Publication originale du 8 Janvier 2004
disponible sur le site http://www.epaysecurity.com

 

SSL EPAY SECURITY est une solution de paiement dite irrévocable propriété de la société GLOBAL INTERNET SOLUTIONS, inventée par une équipe française dès la fin 1996. La solution, reconnue comme la plus sécuritaire du marché est créée et dirigée par Olivier RIMMEL, spécialiste de la sécurité des Technologies de l'Information et des Communications, fort de 19 années d'expérience en intelligence artificielle et dans le développement et l'automatisation de systèmes d'assistance à la décision, notamment en matière de commerce électronique. La société est implantée aujourd'hui en France et aux Etats-Unis et gère le risque client lié aux flux de paiement pour plus de 1000 marchands sur l'internet.

Le service de contrôle des paiements électroniques SSL EPAY est un observatoire idéal de la fraude aux moyens de paiement sur l'internet, puisqu'il représente une solution de gestion électronique intégrale préventive et active du risque client et de recouvrement pour des marchands électroniques sur l'internet (des entreprises qui vendent des services ou des biens matériels ou immatériels et qui sont clientes de SSL EPAY).

Par nature SSL EPAY sécurise les flux financiers entre des clients finaux (des internautes) et des marchands en mettant en œuvre des technologies de cryptage SSL couplés à des moyens de certification et d'authentification du porteur de la carte bancaire dont le process est privatif. De nombreuses informations d'ordre comportementales sont prises en compte dans la gestion du risque client sur l'internet par SSL EPAY.

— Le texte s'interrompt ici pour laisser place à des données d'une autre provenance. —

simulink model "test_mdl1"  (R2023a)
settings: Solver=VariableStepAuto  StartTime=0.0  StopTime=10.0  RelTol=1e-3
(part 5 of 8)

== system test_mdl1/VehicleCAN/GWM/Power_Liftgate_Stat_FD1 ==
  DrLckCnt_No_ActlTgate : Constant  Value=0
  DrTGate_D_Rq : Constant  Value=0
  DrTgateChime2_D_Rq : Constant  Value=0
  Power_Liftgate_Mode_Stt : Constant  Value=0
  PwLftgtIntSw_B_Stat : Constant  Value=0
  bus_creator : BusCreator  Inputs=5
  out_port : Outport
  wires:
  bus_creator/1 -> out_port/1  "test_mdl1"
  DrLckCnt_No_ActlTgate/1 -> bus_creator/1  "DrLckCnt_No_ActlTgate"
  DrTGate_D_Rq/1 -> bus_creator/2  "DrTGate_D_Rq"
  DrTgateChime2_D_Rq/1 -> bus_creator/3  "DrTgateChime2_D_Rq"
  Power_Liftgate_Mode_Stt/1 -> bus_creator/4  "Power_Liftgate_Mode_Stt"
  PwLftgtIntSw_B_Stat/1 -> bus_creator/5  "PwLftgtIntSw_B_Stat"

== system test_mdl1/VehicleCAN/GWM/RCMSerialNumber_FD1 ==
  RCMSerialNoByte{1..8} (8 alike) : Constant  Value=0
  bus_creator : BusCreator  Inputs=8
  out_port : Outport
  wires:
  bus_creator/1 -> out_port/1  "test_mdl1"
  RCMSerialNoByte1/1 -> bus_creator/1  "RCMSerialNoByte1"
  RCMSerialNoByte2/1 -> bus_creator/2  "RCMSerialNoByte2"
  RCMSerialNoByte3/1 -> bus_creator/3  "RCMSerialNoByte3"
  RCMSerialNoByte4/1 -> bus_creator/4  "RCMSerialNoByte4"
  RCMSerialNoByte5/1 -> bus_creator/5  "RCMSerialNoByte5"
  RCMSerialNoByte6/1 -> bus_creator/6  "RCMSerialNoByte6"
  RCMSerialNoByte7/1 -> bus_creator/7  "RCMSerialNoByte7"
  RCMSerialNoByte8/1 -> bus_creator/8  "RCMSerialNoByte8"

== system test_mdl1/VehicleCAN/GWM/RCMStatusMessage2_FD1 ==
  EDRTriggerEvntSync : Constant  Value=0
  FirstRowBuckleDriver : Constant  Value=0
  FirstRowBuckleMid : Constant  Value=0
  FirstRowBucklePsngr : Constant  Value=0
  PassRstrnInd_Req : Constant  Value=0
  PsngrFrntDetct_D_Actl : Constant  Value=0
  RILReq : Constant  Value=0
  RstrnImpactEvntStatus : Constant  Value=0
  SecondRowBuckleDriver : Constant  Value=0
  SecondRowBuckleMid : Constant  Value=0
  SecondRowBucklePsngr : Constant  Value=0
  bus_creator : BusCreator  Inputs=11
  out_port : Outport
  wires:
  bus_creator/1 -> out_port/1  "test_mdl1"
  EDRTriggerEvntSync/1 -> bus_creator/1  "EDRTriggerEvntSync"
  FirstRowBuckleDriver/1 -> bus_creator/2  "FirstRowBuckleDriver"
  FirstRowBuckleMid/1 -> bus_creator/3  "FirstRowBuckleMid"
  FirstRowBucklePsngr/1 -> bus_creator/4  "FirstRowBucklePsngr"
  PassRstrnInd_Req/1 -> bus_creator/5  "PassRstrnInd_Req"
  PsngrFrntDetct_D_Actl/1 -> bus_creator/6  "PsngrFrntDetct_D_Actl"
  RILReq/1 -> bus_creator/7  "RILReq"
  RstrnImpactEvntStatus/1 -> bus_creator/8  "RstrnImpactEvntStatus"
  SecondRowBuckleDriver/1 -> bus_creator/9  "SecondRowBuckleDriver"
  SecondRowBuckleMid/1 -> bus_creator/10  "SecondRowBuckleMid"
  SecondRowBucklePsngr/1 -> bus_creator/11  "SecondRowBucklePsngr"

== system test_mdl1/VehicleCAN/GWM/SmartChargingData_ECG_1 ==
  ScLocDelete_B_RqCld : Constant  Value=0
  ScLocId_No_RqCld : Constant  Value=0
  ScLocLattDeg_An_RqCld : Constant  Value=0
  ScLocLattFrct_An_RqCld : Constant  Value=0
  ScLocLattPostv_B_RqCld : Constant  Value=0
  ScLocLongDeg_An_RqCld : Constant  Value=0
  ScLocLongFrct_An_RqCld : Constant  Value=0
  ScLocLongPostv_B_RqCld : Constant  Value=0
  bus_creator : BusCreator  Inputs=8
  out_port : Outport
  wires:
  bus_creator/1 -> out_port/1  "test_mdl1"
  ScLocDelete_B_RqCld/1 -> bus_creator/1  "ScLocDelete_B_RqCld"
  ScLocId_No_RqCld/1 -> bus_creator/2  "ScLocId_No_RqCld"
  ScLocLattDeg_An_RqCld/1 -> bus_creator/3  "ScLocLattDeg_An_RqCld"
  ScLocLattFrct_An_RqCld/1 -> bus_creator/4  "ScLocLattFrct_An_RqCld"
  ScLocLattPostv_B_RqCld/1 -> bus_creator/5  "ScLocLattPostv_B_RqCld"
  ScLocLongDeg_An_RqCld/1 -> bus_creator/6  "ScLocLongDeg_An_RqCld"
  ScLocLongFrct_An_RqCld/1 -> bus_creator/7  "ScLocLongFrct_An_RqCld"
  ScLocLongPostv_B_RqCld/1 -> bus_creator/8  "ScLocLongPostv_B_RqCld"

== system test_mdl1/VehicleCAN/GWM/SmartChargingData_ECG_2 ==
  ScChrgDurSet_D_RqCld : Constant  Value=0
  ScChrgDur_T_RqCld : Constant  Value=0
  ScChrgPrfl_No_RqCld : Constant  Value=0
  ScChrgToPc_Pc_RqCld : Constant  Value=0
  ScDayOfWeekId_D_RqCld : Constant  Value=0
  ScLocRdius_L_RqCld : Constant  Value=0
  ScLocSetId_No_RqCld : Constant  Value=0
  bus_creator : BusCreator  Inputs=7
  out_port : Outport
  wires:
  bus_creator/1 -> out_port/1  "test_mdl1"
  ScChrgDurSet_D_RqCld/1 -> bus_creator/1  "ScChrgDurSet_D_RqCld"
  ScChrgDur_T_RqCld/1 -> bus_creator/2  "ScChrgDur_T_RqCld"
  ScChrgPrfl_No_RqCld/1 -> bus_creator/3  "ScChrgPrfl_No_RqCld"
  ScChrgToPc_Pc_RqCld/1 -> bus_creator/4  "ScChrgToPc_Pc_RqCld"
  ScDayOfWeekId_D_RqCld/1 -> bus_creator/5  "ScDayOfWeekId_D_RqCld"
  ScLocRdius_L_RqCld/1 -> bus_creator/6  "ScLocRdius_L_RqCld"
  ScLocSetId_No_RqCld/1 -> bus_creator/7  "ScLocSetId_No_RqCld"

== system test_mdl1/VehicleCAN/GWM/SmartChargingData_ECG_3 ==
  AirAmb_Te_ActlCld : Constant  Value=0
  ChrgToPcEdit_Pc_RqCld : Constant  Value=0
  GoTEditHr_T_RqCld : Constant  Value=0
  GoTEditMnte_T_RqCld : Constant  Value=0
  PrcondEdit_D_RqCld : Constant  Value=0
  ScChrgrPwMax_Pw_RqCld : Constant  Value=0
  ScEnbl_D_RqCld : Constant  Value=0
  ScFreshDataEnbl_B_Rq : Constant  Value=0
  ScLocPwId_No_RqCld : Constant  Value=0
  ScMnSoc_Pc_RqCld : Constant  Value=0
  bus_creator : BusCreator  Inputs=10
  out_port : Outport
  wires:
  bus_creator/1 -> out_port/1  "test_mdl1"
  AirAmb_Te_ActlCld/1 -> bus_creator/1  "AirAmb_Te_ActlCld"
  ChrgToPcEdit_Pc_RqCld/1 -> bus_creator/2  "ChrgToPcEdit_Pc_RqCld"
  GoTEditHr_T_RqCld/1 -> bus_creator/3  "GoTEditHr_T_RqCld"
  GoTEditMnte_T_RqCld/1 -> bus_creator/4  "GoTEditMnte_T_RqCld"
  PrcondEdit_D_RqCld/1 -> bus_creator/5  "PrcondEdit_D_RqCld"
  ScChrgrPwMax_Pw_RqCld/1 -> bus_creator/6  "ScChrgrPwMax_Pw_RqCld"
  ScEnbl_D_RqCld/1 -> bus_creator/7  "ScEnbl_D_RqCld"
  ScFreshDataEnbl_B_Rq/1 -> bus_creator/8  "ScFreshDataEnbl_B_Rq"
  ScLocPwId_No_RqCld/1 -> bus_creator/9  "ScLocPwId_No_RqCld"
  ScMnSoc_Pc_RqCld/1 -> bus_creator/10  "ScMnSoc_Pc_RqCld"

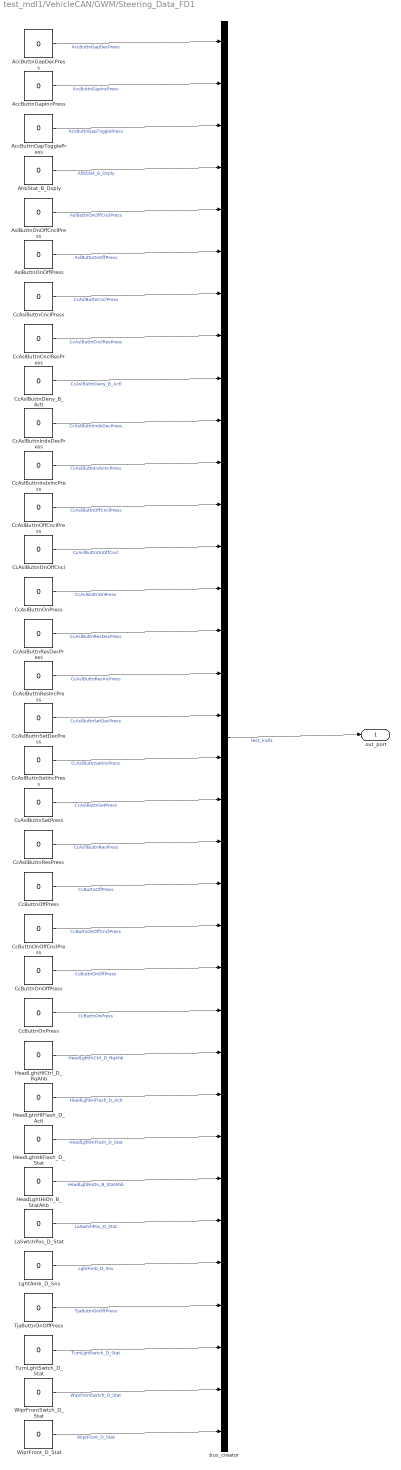
== system test_mdl1/VehicleCAN/GWM/Steering_Data_FD1 ==
  AccButtnGapDecPress : Constant  Value=0
  AccButtnGapIncPress : Constant  Value=0
  AccButtnGapTogglePress : Constant  Value=0
  AhbStat_B_Dsply : Constant  Value=0
  AslButtnOnOffCnclPress : Constant  Value=0
  AslButtnOnOffPress : Constant  Value=0
  CcAslButtnCnclPress : Constant  Value=0
  CcAslButtnCnclResPress : Constant  Value=0
  CcAslButtnDeny_B_Actl : Constant  Value=0
  CcAslButtnIndxDecPress : Constant  Value=0
  CcAslButtnIndxIncPress : Constant  Value=0
  CcAslButtnOffCnclPress : Constant  Value=0
  CcAslButtnOnOffCncl : Constant  Value=0
  CcAslButtnOnPress : Constant  Value=0
  CcAslButtnResDecPress : Constant  Value=0
  CcAslButtnResIncPress : Constant  Value=0
  CcAslButtnSetDecPress : Constant  Value=0
  CcAslButtnSetIncPress : Constant  Value=0
  CcAslButtnSetPress : Constant  Value=0
  CcAsllButtnResPress : Constant  Value=0
  CcButtnOffPress : Constant  Value=0
  CcButtnOnOffCnclPress : Constant  Value=0
  CcButtnOnOffPress : Constant  Value=0
  CcButtnOnPress : Constant  Value=0
  HeadLghtHiCtrl_D_RqAhb : Constant  Value=0
  HeadLghtHiFlash_D_Actl : Constant  Value=0
  HeadLghtHiFlash_D_Stat : Constant  Value=0
  HeadLghtHiOn_B_StatAhb : Constant  Value=0
  LaSwtchPos_D_Stat : Constant  Value=0
  LghtAmb_D_Sns : Constant  Value=0
  TjaButtnOnOffPress : Constant  Value=0
  TurnLghtSwtch_D_Stat : Constant  Value=0
  WiprFrontSwtch_D_Stat : Constant  Value=0
  WiprFront_D_Stat : Constant  Value=0
  bus_creator : BusCreator  Inputs=34
  out_port : Outport
  wires:
  bus_creator/1 -> out_port/1  "test_mdl1"
  AccButtnGapDecPress/1 -> bus_creator/1  "AccButtnGapDecPress"
  AccButtnGapIncPress/1 -> bus_creator/2  "AccButtnGapIncPress"
  AccButtnGapTogglePress/1 -> bus_creator/3  "AccButtnGapTogglePress"
  AhbStat_B_Dsply/1 -> bus_creator/4  "AhbStat_B_Dsply"
  AslButtnOnOffCnclPress/1 -> bus_creator/5  "AslButtnOnOffCnclPress"
  AslButtnOnOffPress/1 -> bus_creator/6  "AslButtnOnOffPress"
  CcAslButtnCnclPress/1 -> bus_creator/7  "CcAslButtnCnclPress"
  CcAslButtnCnclResPress/1 -> bus_creator/8  "CcAslButtnCnclResPress"
  CcAslButtnDeny_B_Actl/1 -> bus_creator/9  "CcAslButtnDeny_B_Actl"
  CcAslButtnIndxDecPress/1 -> bus_creator/10  "CcAslButtnIndxDecPress"
  CcAslButtnIndxIncPress/1 -> bus_creator/11  "CcAslButtnIndxIncPress"
  CcAslButtnOffCnclPress/1 -> bus_creator/12  "CcAslButtnOffCnclPress"
  CcAslButtnOnOffCncl/1 -> bus_creator/13  "CcAslButtnOnOffCncl"
  CcAslButtnOnPress/1 -> bus_creator/14  "CcAslButtnOnPress"
  CcAslButtnResDecPress/1 -> bus_creator/15  "CcAslButtnResDecPress"
  CcAslButtnResIncPress/1 -> bus_creator/16  "CcAslButtnResIncPress"
  CcAslButtnSetDecPress/1 -> bus_creator/17  "CcAslButtnSetDecPress"
  CcAslButtnSetIncPress/1 -> bus_creator/18  "CcAslButtnSetIncPress"
  CcAslButtnSetPress/1 -> bus_creator/19  "CcAslButtnSetPress"
  CcAsllButtnResPress/1 -> bus_creator/20  "CcAsllButtnResPress"
  CcButtnOffPress/1 -> bus_creator/21  "CcButtnOffPress"
  CcButtnOnOffCnclPress/1 -> bus_creator/22  "CcButtnOnOffCnclPress"
  CcButtnOnOffPress/1 -> bus_creator/23  "CcButtnOnOffPress"
  CcButtnOnPress/1 -> bus_creator/24  "CcButtnOnPress"
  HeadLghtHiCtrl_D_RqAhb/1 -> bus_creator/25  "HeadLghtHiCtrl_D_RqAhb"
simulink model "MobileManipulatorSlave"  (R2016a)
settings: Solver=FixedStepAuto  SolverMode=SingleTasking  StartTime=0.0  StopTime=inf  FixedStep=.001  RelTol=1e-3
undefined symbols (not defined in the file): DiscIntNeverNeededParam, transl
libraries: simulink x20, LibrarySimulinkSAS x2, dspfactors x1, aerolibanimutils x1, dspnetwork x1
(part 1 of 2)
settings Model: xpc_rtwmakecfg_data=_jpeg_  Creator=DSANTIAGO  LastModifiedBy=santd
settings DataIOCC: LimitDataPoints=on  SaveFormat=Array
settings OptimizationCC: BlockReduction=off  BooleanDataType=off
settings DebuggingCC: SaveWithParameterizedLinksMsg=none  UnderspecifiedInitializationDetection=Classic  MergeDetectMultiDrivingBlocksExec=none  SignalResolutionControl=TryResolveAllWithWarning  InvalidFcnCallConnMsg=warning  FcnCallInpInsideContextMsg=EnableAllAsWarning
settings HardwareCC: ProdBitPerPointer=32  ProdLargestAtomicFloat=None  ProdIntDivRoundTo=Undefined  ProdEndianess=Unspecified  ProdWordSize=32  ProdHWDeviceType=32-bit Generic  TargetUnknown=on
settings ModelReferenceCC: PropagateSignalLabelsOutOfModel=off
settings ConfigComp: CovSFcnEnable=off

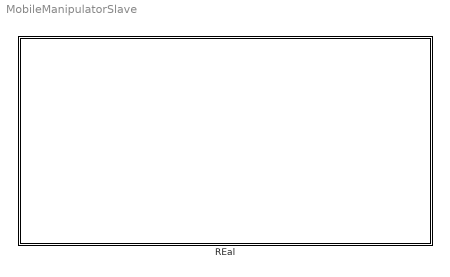
== system MobileManipulatorSlave ==
  "REal " : Subsystem  mask{sel=1, offSet=[1.5e-1 0 0.1]', h1=.01, h2=.01, kgmb=diag([8 10]), kgms=diag([4 4 4]), kms=10, kmb=5, ksb=1, ksm=diag([1 1 1])*2e3}
      mask prompts: sel "Control (s/m)"; h1 "Delay1"; h2 "Delay2"

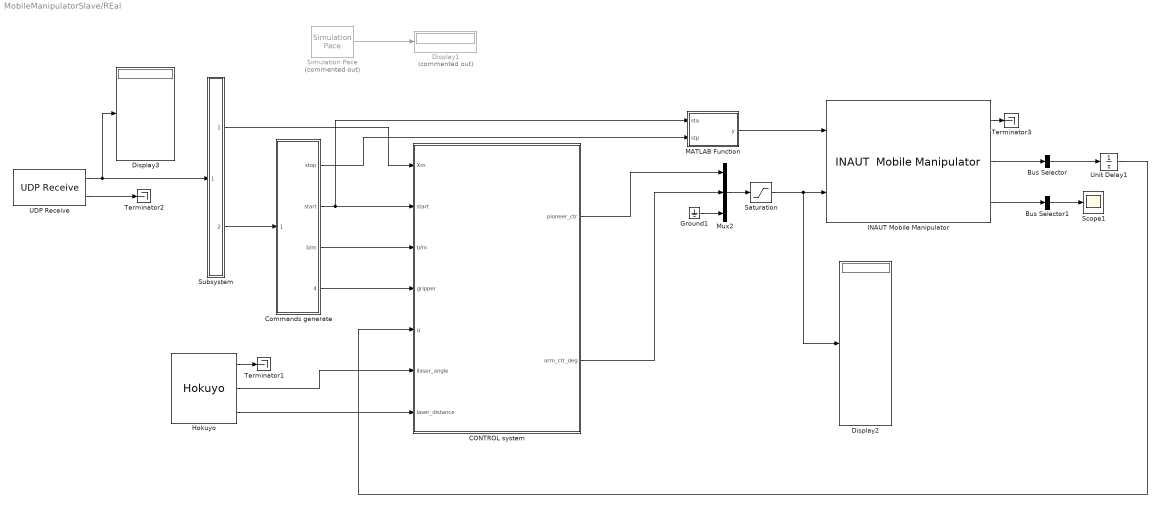
== system MobileManipulatorSlave/REal  ==
  Bus Selector : BusSelector  OutputSignals=q_{arm}  OutputAsBus=on
  Bus Selector1 : BusSelector  OutputSignals=base Info.current rigth motor?,base Info.current left motor?  OutputAsBus=on
  CONTROL system : Subsystem
  Commands generate : Subsystem
  Display1 : Display  Commented=on
  Display2 : Display
  Display3 : Display
  Ground1 : Ground
  Hokuyo : LibrarySimulinkSAS/Hokuyo
  INAUT Mobile Manipulator : LibrarySimulinkSAS/INAUT  Mobile Manipulator  IdB=3  IdM=1  IdL=0  ts=-1
  MATLAB Function : MATLAB Function  TreatAsAtomicUnit=on
  Mux2 : Mux  Inputs=3
  Saturation : Saturate  UpperLimit=2000  LowerLimit=-2000
  Scope1 : Scope
  Simulation Pace : aerolibanimutils/Simulation Pace  Commented=on  SimulationPace=1  SleepMode=MATLAB Thread  OutputPaceError=on  SampleTime=-1
  Subsystem : Subsystem
  Terminator1 : Terminator
  Terminator2 : Terminator
  Terminator3 : Terminator
  UDP Receive : dspnetwork/UDP Receive  localURL='0.0.0.0'  localPort=24100  remoteURL='0.0.0.0'  remotePort=-1  recvBufferSize=1024  dims=7  signalDatatype=double  isVarSize=off  showBlockingTime=off  blockingTime=0  sampletime=-1  blockPlatform=[]
  Unit Delay1 : UnitDelay  SampleTime=-1
  wires:
  Subsystem/1(xm) -> CONTROL system/1(Xm)
  Unit Delay1/1 -> CONTROL system/5(q)
  Subsystem/2(bt) -> Commands generate/1(butons)
  Commands generate/2(start) -> CONTROL system/2(start), MATLAB Function/1(sta)
  CONTROL system/2(arm_ctr_deg) -> Mux2/2
  Mux2/1 -> Saturation/1
  INAUT Mobile Manipulator/2 -> Bus Selector/1
  INAUT Mobile Manipulator/3 -> Bus Selector1/1
  INAUT Mobile Manipulator/1 -> Terminator3/1
  Bus Selector/1 -> Unit Delay1/1
  CONTROL system/1(pioneer_ctr) -> Mux2/1
  Ground1/1 -> Mux2/3
  Simulation Pace/1 -> Display1/1
  Commands generate/3(b/m) -> CONTROL system/3(b/m)
  Commands generate/4(griper) -> CONTROL system/4(gripper)
  UDP Receive/1 -> Subsystem/1(u), Display3/1
  UDP Receive/2 -> Terminator2/1
  Saturation/1 -> Display2/1, INAUT Mobile Manipulator/2
  Bus Selector1/1 -> Scope1/1
  MATLAB Function/1(y) -> INAUT Mobile Manipulator/1
  Commands generate/1(stop) -> MATLAB Function/2(stp)
  Hokuyo/1 -> Terminator1/1
  Hokuyo/2 -> CONTROL system/6(llaser_angle)
  Hokuyo/3 -> CONTROL system/7(laser_distance)

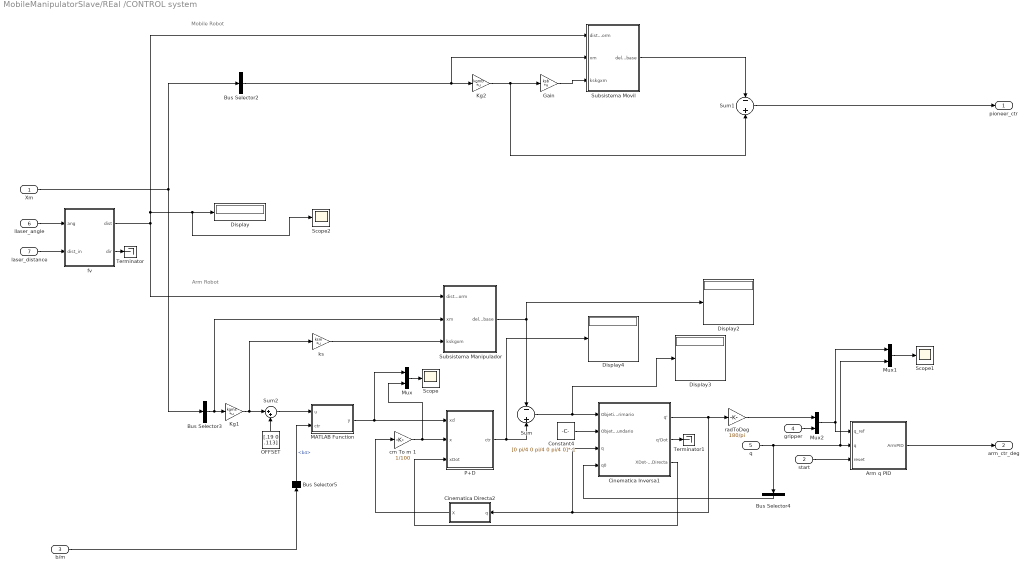
== system MobileManipulatorSlave/REal /CONTROL system ==
  note: Mobile Robot
  note: Arm Robot
  Xm : Inport
  start : Inport  Port=2
  b/m : Inport  Port=3
  gripper : Inport  Port=4
  q : Inport  Port=5
  llaser_angle : Inport  Port=6
  laser_distance : Inport  Port=7
  Arm q PID : Subsystem
  Bus Selector2 : BusSelector  OutputSignals=x,y  OutputAsBus=on
  Bus Selector3 : BusSelector  OutputSignals=x,y,z  OutputAsBus=on
  Bus Selector4 : BusSelector  OutputSignals=q1,q2,q3,q4,q5,q6,q7  OutputAsBus=on
  Bus Selector5 : BusSelector  OutputSignals=b4
  Cinematica Directa2 : Subsystem
  Cinematica Inversa1 : Subsystem
  Constant4 : Constant  Value=[0 pi/4 0 pi/4 0 pi/4 0]*-1
  Display{,2..4} (4 alike) : Display
  Gain : Gain  Gain=ksb  Multiplication=Matrix(K*u)
  Kg1 : Gain  Gain=kgms  Multiplication=Matrix(K*u)
  Kg2 : Gain  Gain=kgmb  Multiplication=Matrix(K*u)
  MATLAB Function : MATLAB Function  TreatAsAtomicUnit=on
  Mux : Mux  Inputs=2
  Mux1 : Mux  Inputs=2
  Mux2 : Mux  Inputs=2
  OFFSET : Constant  Value=[.19 0 .113]
  P+D : Subsystem
  Scope : Scope
  Scope1 : Scope
  Scope2 : Scope
  Subsistema Manipulador : Subsystem
  Subsistema Movil : Subsystem
  Sum : Sum  Inputs=-+
  Sum1 : Sum  Inputs=-+
  Sum2 : Sum  Inputs=|++
  Terminator : Terminator
  Terminator1 : Terminator
  cm To m 1 : Gain  Gain=1/100
  fv : Subsystem
  ks : Gain  Gain=ksm  Multiplication=Matrix(K*u)
  radToDeg : Gain  Gain=180/pi
  pioneer_ctr : Outport
  arm_ctr_deg : Outport  Port=2
  wires:
  Xm/1 -> Bus Selector3/1, Bus Selector2/1
  Bus Selector2/1 -> Subsistema Movil/2(xm), Kg2/1
  Cinematica Inversa1/1(q') -> Cinematica Inversa1/3(q), Cinematica Directa2/1(q), radToDeg/1
  OFFSET/1 -> Sum2/2
  Kg1/1 -> ks/1, Sum2/1
  P+D/1(ctr) -> Display4/1, Sum/2
  Cinematica Directa2/1("X ") -> cm To m 1/1
  cm To m 1/1 -> Mux/2, P+D/2(x)
  Constant4/1 -> Cinematica Inversa1/2(Objetivo Secundario)
  gripper/1 -> Mux2/2
  start/1 -> Arm q PID/3(reset)
  b/m/1 -> Bus Selector5/1
  Kg2/1 -> Sum1/2, Gain/1
  radToDeg/1 -> Mux2/1
  Sum2/1 -> MATLAB Function/1(u)
  Cinematica Inversa1/2(q'Dot) -> Terminator1/1
  Mux/1 -> Scope/1
  Cinematica Inversa1/3(XDot- CinematicaDirecta) -> P+D/3(xDot)
  q/1 -> Bus Selector4/1, Mux1/2, Arm q PID/2(q)
  Mux2/1 -> Mux1/1, Arm q PID/1(q_ref)
  Mux1/1 -> Scope1/1
  Bus Selector4/1 -> Cinematica Inversa1/4(q0)
  MATLAB Function/1(y) -> P+D/1(xd), Mux/1
  Bus Selector5/1 -> MATLAB Function/2(ctr)  "<b4>"
  Arm q PID/1(ArmPID) -> arm_ctr_deg/1
  Gain/1 -> Subsistema Movil/3(kskgxm)
  Subsistema Movil/1(delta_base) -> Sum1/1
  fv/2(dir) -> Terminator/1
  laser_distance/1 -> fv/2(dist_in)
  llaser_angle/1 -> fv/1(ang)
  fv/1(dist) -> Subsistema Manipulador/1(dist_norm), Scope2/1, Display/1, Subsistema Movil/1(dist_norm)
  Subsistema Manipulador/1(delta_base) -> Display2/1, Sum/1
  Sum/1 -> Display3/1, Cinematica Inversa1/1(Objetivo Primario)
  Bus Selector3/1 -> Subsistema Manipulador/2(xm), Kg1/1
  ks/1 -> Subsistema Manipulador/3(kskgxm)
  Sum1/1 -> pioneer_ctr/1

La synthèse de toutes les informations récupérées avant, pendant et après une transaction bancaire électronique, l'utilisation de technologies d'aide à la décision et l'expertise du facteur humain (transactions contrôlées par des opérateurs humains) permettent d'apporter la notion d'irrévocabilité du paiement en ligne, annulant ainsi tout risque d'impayé pour le marchand, ce qui n'est absolument pas le cas par des moyens traditionnels (SSL EPAY supporte le risque client à la place des marchands, tel un factor, pour qui elle assure la gestion intégrale des créances de manière électronique et transparente, en plus du transport sécurisé des informations de paiement).

Toutes les transactions bancaires traitées par SSL EPAY sont contrôlées par des opérateurs humains spécialistes de la détection de fraudes aux moyens de paiement, formés au contact des technologies les plus récentes et innovantes.

Ce rapport fait suite au précédent audit publié en mai 2003 évoquant la fraude entre 2000 et le premier trimestre 2003.

 

 

 

Analyse des informations relatives à la fraude à la carte bancaire et aux refus de paiements électroniques effectués sur l'internet dans la période du 1/1/2003 au 31/12/2003

 

Cette publication est une initiative privée et indépendante, ni contrôlée, ni supervisée, ni engendrée par une quelconque administration publique ou privée autre que la société GLOBAL INTERNET SOLUTIONS par qui elle a été réalisée. Elle vise à sensibiliser les pouvoirs publics, les acteurs du e-business et les entreprises du risque que constitue le commerce électronique en général, et particulièrement le risque côté marchand concernant les transactions bancaires et les paiements électroniques par l'internet. Ce rapport est une photographie fidèle du risque lié au commerce électronique, vécu et observé quotidiennement par le service de sécurisation des paiements SSL EPAY pour le compte de ses clients marchands sur l'internet et demandeurs d'une sécurisation maximale pour leurs flux financiers.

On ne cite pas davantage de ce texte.